Saved data entries:
══════
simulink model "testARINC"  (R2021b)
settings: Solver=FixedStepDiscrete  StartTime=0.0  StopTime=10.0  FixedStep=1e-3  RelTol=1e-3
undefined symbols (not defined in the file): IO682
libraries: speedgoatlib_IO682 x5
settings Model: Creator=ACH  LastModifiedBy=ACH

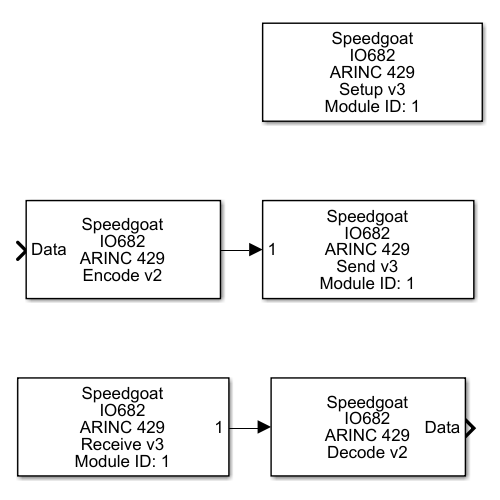
[thumbnail: Simulink's stored preview of the top-level diagram]
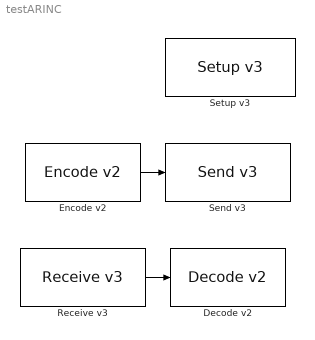
== system testARINC ==
  "Decode v2 " : speedgoatlib_IO682/Decode v2   parMode=Standard  parLabel=[002]  parDataType=[1]  parResolution=[1]  parSyncMask=hex2dec('0x0')  parSyncValue=hex2dec('0x0')  parCustomDataType=Raw  parDataLSB=9  parDataMSB=31  parBitPosition=[9, 31]  parScaleBNR=1  parExponent=8  parMantissa=14  parTimeTags=off  parHoldLastVal=on  parStatus=off
      settings: SourceProductName=Simulink Real-Time: Speedgoat I/O Blockset
  "Encode v2 " : speedgoatlib_IO682/Encode v2   parMode=Standard  parLabel=[002]  parDataType=[1]  parResolution=[1]  parBits=[19]  parSdi=[0]  parSsm=[-1]  parCustomDataType=Raw  parDataLSB=9  parDataMSB=31  parBitPosition=[9, 31]  parScaleBNR=1  parExponent=8  parMantissa=14  parEnSSM=off
      settings: SourceProductName=Simulink Real-Time: Speedgoat I/O Blockset
  "Receive v3 " : speedgoatlib_IO682/Receive v3   parModuleId=1  parChannel=1  parMaxWords=50  parMinWords=1  parSampleTime=-1
      settings: SourceProductName=Simulink Real-Time: Speedgoat I/O Blockset
  "Send v3 " : speedgoatlib_IO682/Send v3   parModuleId=1  parChannel=1  parSampleTime=-1
      settings: SourceProductName=Simulink Real-Time: Speedgoat I/O Blockset
  "Setup v3 " : speedgoatlib_IO682/Setup v3   parModuleId=1  parBoardVariant=IO682-2-2  parPciSlot=-1  parTimerCount=4000  parChannelMode=Manual  parInBitRate1=100000  parInBufferMode1=Individual  parInEnable1=on  parInParity1=on  parInInternalWrap1=off  parInBitRate2=100000  parInBufferMode2=Individual  parInEnable2=on  parInParity2=on  parInInternalWrap2=off  parInBitRate3=100000  parInBufferMode3=Individual  parInEnable3=on  parInParity3=on  parInInternalWrap3=off  parInBitRate4=100000  parInBufferMode4=Individual  parInEnable4=on  parInParity4=on  parInInternalWrap4=off  parInBitRate5=100000  parInBufferMode5=Individual  parInEnable5=on  parInParity5=on  parInInternalWrap5=off  parInBitRate6=100000  parInBufferMode6=Individual  parInEnable6=on  parInParity6=on  parInInternalWrap6=off  parInBitRate7=100000  parInBufferMode7=Individual  parInEnable7=on  parInParity7=on  parInInternalWrap7=off  parInBitRate8=100000  parInBufferMode8=Individual  parInEnable8=on  parInParity8=on  parInInternalWrap8=off  parInBitRate9=100000  parInBufferMode9=Individual  parInEnable9=on  parInParity9=on  parInInternalWrap9=off  parInBitRate10=100000  parInBufferMode10=Individual  parInEnable10=on  parInParity10=on  parInInternalWrap10=off  parInBitRate11=100000  parInBufferMode11=Individual  parInEnable11=on  parInParity11=on  parInInternalWrap11=off  parInBitRate12=100000  parInBufferMode12=Individual  parInEnable12=on  parInParity12=on  parInInternalWrap12=off  parInBitRate13=100000  parInBufferMode13=Individual  parInEnable13=on  parInParity13=on  parInInternalWrap13=off  parInBitRate14=100000  parInBufferMode14=Individual  parInEnable14=on  parInParity14=on  parInInternalWrap14=off  parInBitRate15=100000  parInBufferMode15=Individual  parInEnable15=on  parInParity15=on  parInInternalWrap15=off  parInBitRate16=100000  parInBufferMode16=Individual  parInEnable16=on  parInParity16=on  parInInternalWrap16=off  parOutBitRate1=100000  parOutParity1=Odd  parOutProtocolError1=None  parOutEnable1=on  parOutBitRate2=100000  parOutParity2=Odd  parOutProtocolError2=None  parOutEnable2=on  parOutBitRate3=100000  parOutParity3=Odd  parOutProtocolError3=None  parOutEnable3=on  parOutBitRate4=100000  parOutParity4=Odd  parOutProtocolError4=None  parOutEnable4=on  parOutBitRate5=100000  parOutParity5=Odd  parOutProtocolError5=None  parOutEnable5=on  parOutBitRate6=100000  parOutParity6=Odd  parOutProtocolError6=None  parOutEnable6=on  parOutBitRate7=100000  parOutParity7=Odd  parOutProtocolError7=None  parOutEnable7=on  parOutBitRate8=100000  parOutParity8=Odd  parOutProtocolError8=None  parOutEnable8=on  parOutBitRate9=100000  parOutParity9=Odd  parOutProtocolError9=None  parOutEnable9=on  parOutBitRate10=100000  parOutParity10=Odd  parOutProtocolError10=None  parOutEnable10=on  parOutBitRate11=100000  parOutParity11=Odd  parOutProtocolError11=None  parOutEnable11=on  parOutBitRate12=100000  parOutParity12=Odd  parOutProtocolError12=None  parOutEnable12=on  parOutBitRate13=100000  parOutParity13=Odd  parOutProtocolError13=None  parOutEnable13=on  parOutBitRate14=100000  parOutParity14=Odd  parOutProtocolError14=None  parOutEnable14=on  parOutBitRate15=100000  parOutParity15=Odd  parOutProtocolError15=None  parOutEnable15=on  parOutBitRate16=100000  parOutParity16=Odd  parOutProtocolError16=None  parOutEnable16=on  parChConfigFile=''  parScheduleMode=Manual  parScheduledMsgConfigFile=''  parHwDeviceId=hex2dec('0830')  parTimeSource=Internal timer  parChInConfig=[158 8 7 7 1;158 8 7 7 1]  parChOutConfig=[158 0 4 7;158 0 4 7]  parScheduledMessages=0
      settings: SourceProductName=Simulink Real-Time: Speedgoat I/O Blockset
  wires:
  "Encode v2 "/1 -> "Send v3 "/1
  "Receive v3 "/1 -> "Decode v2 "/1
══════
Your copy should match the entries above exactly and contain no pictures.

TASK SOLUTION -
simulink model "testARINC"  (R2021b)
settings: Solver=FixedStepDiscrete  StartTime=0.0  StopTime=10.0  FixedStep=1e-3  RelTol=1e-3
undefined symbols (not defined in the file): IO682
libraries: speedgoatlib_IO682 x5
settings Model: Creator=ACH  LastModifiedBy=ACH

[thumbnail: Simulink's stored preview of the top-level diagram]
== system testARINC ==
  "Decode v2 " : speedgoatlib_IO682/Decode v2   parMode=Standard  parLabel=[002]  parDataType=[1]  parResolution=[1]  parSyncMask=hex2dec('0x0')  parSyncValue=hex2dec('0x0')  parCustomDataType=Raw  parDataLSB=9  parDataMSB=31  parBitPosition=[9, 31]  parScaleBNR=1  parExponent=8  parMantissa=14  parTimeTags=off  parHoldLastVal=on  parStatus=off
      settings: SourceProductName=Simulink Real-Time: Speedgoat I/O Blockset
  "Encode v2 " : speedgoatlib_IO682/Encode v2   parMode=Standard  parLabel=[002]  parDataType=[1]  parResolution=[1]  parBits=[19]  parSdi=[0]  parSsm=[-1]  parCustomDataType=Raw  parDataLSB=9  parDataMSB=31  parBitPosition=[9, 31]  parScaleBNR=1  parExponent=8  parMantissa=14  parEnSSM=off
      settings: SourceProductName=Simulink Real-Time: Speedgoat I/O Blockset
  "Receive v3 " : speedgoatlib_IO682/Receive v3   parModuleId=1  parChannel=1  parMaxWords=50  parMinWords=1  parSampleTime=-1
      settings: SourceProductName=Simulink Real-Time: Speedgoat I/O Blockset
  "Send v3 " : speedgoatlib_IO682/Send v3   parModuleId=1  parChannel=1  parSampleTime=-1
      settings: SourceProductName=Simulink Real-Time: Speedgoat I/O Blockset
  "Setup v3 " : speedgoatlib_IO682/Setup v3   parModuleId=1  parBoardVariant=IO682-2-2  parPciSlot=-1  parTimerCount=4000  parChannelMode=Manual  parInBitRate1=100000  parInBufferMode1=Individual  parInEnable1=on  parInParity1=on  parInInternalWrap1=off  parInBitRate2=100000  parInBufferMode2=Individual  parInEnable2=on  parInParity2=on  parInInternalWrap2=off  parInBitRate3=100000  parInBufferMode3=Individual  parInEnable3=on  parInParity3=on  parInInternalWrap3=off  parInBitRate4=100000  parInBufferMode4=Individual  parInEnable4=on  parInParity4=on  parInInternalWrap4=off  parInBitRate5=100000  parInBufferMode5=Individual  parInEnable5=on  parInParity5=on  parInInternalWrap5=off  parInBitRate6=100000  parInBufferMode6=Individual  parInEnable6=on  parInParity6=on  parInInternalWrap6=off  parInBitRate7=100000  parInBufferMode7=Individual  parInEnable7=on  parInParity7=on  parInInternalWrap7=off  parInBitRate8=100000  parInBufferMode8=Individual  parInEnable8=on  parInParity8=on  parInInternalWrap8=off  parInBitRate9=100000  parInBufferMode9=Individual  parInEnable9=on  parInParity9=on  parInInternalWrap9=off  parInBitRate10=100000  parInBufferMode10=Individual  parInEnable10=on  parInParity10=on  parInInternalWrap10=off  parInBitRate11=100000  parInBufferMode11=Individual  parInEnable11=on  parInParity11=on  parInInternalWrap11=off  parInBitRate12=100000  parInBufferMode12=Individual  parInEnable12=on  parInParity12=on  parInInternalWrap12=off  parInBitRate13=100000  parInBufferMode13=Individual  parInEnable13=on  parInParity13=on  parInInternalWrap13=off  parInBitRate14=100000  parInBufferMode14=Individual  parInEnable14=on  parInParity14=on  parInInternalWrap14=off  parInBitRate15=100000  parInBufferMode15=Individual  parInEnable15=on  parInParity15=on  parInInternalWrap15=off  parInBitRate16=100000  parInBufferMode16=Individual  parInEnable16=on  parInParity16=on  parInInternalWrap16=off  parOutBitRate1=100000  parOutParity1=Odd  parOutProtocolError1=None  parOutEnable1=on  parOutBitRate2=100000  parOutParity2=Odd  parOutProtocolError2=None  parOutEnable2=on  parOutBitRate3=100000  parOutParity3=Odd  parOutProtocolError3=None  parOutEnable3=on  parOutBitRate4=100000  parOutParity4=Odd  parOutProtocolError4=None  parOutEnable4=on  parOutBitRate5=100000  parOutParity5=Odd  parOutProtocolError5=None  parOutEnable5=on  parOutBitRate6=100000  parOutParity6=Odd  parOutProtocolError6=None  parOutEnable6=on  parOutBitRate7=100000  parOutParity7=Odd  parOutProtocolError7=None  parOutEnable7=on  parOutBitRate8=100000  parOutParity8=Odd  parOutProtocolError8=None  parOutEnable8=on  parOutBitRate9=100000  parOutParity9=Odd  parOutProtocolError9=None  parOutEnable9=on  parOutBitRate10=100000  parOutParity10=Odd  parOutProtocolError10=None  parOutEnable10=on  parOutBitRate11=100000  parOutParity11=Odd  parOutProtocolError11=None  parOutEnable11=on  parOutBitRate12=100000  parOutParity12=Odd  parOutProtocolError12=None  parOutEnable12=on  parOutBitRate13=100000  parOutParity13=Odd  parOutProtocolError13=None  parOutEnable13=on  parOutBitRate14=100000  parOutParity14=Odd  parOutProtocolError14=None  parOutEnable14=on  parOutBitRate15=100000  parOutParity15=Odd  parOutProtocolError15=None  parOutEnable15=on  parOutBitRate16=100000  parOutParity16=Odd  parOutProtocolError16=None  parOutEnable16=on  parChConfigFile=''  parScheduleMode=Manual  parScheduledMsgConfigFile=''  parHwDeviceId=hex2dec('0830')  parTimeSource=Internal timer  parChInConfig=[158 8 7 7 1;158 8 7 7 1]  parChOutConfig=[158 0 4 7;158 0 4 7]  parScheduledMessages=0
      settings: SourceProductName=Simulink Real-Time: Speedgoat I/O Blockset
  wires:
  "Encode v2 "/1 -> "Send v3 "/1
  "Receive v3 "/1 -> "Decode v2 "/1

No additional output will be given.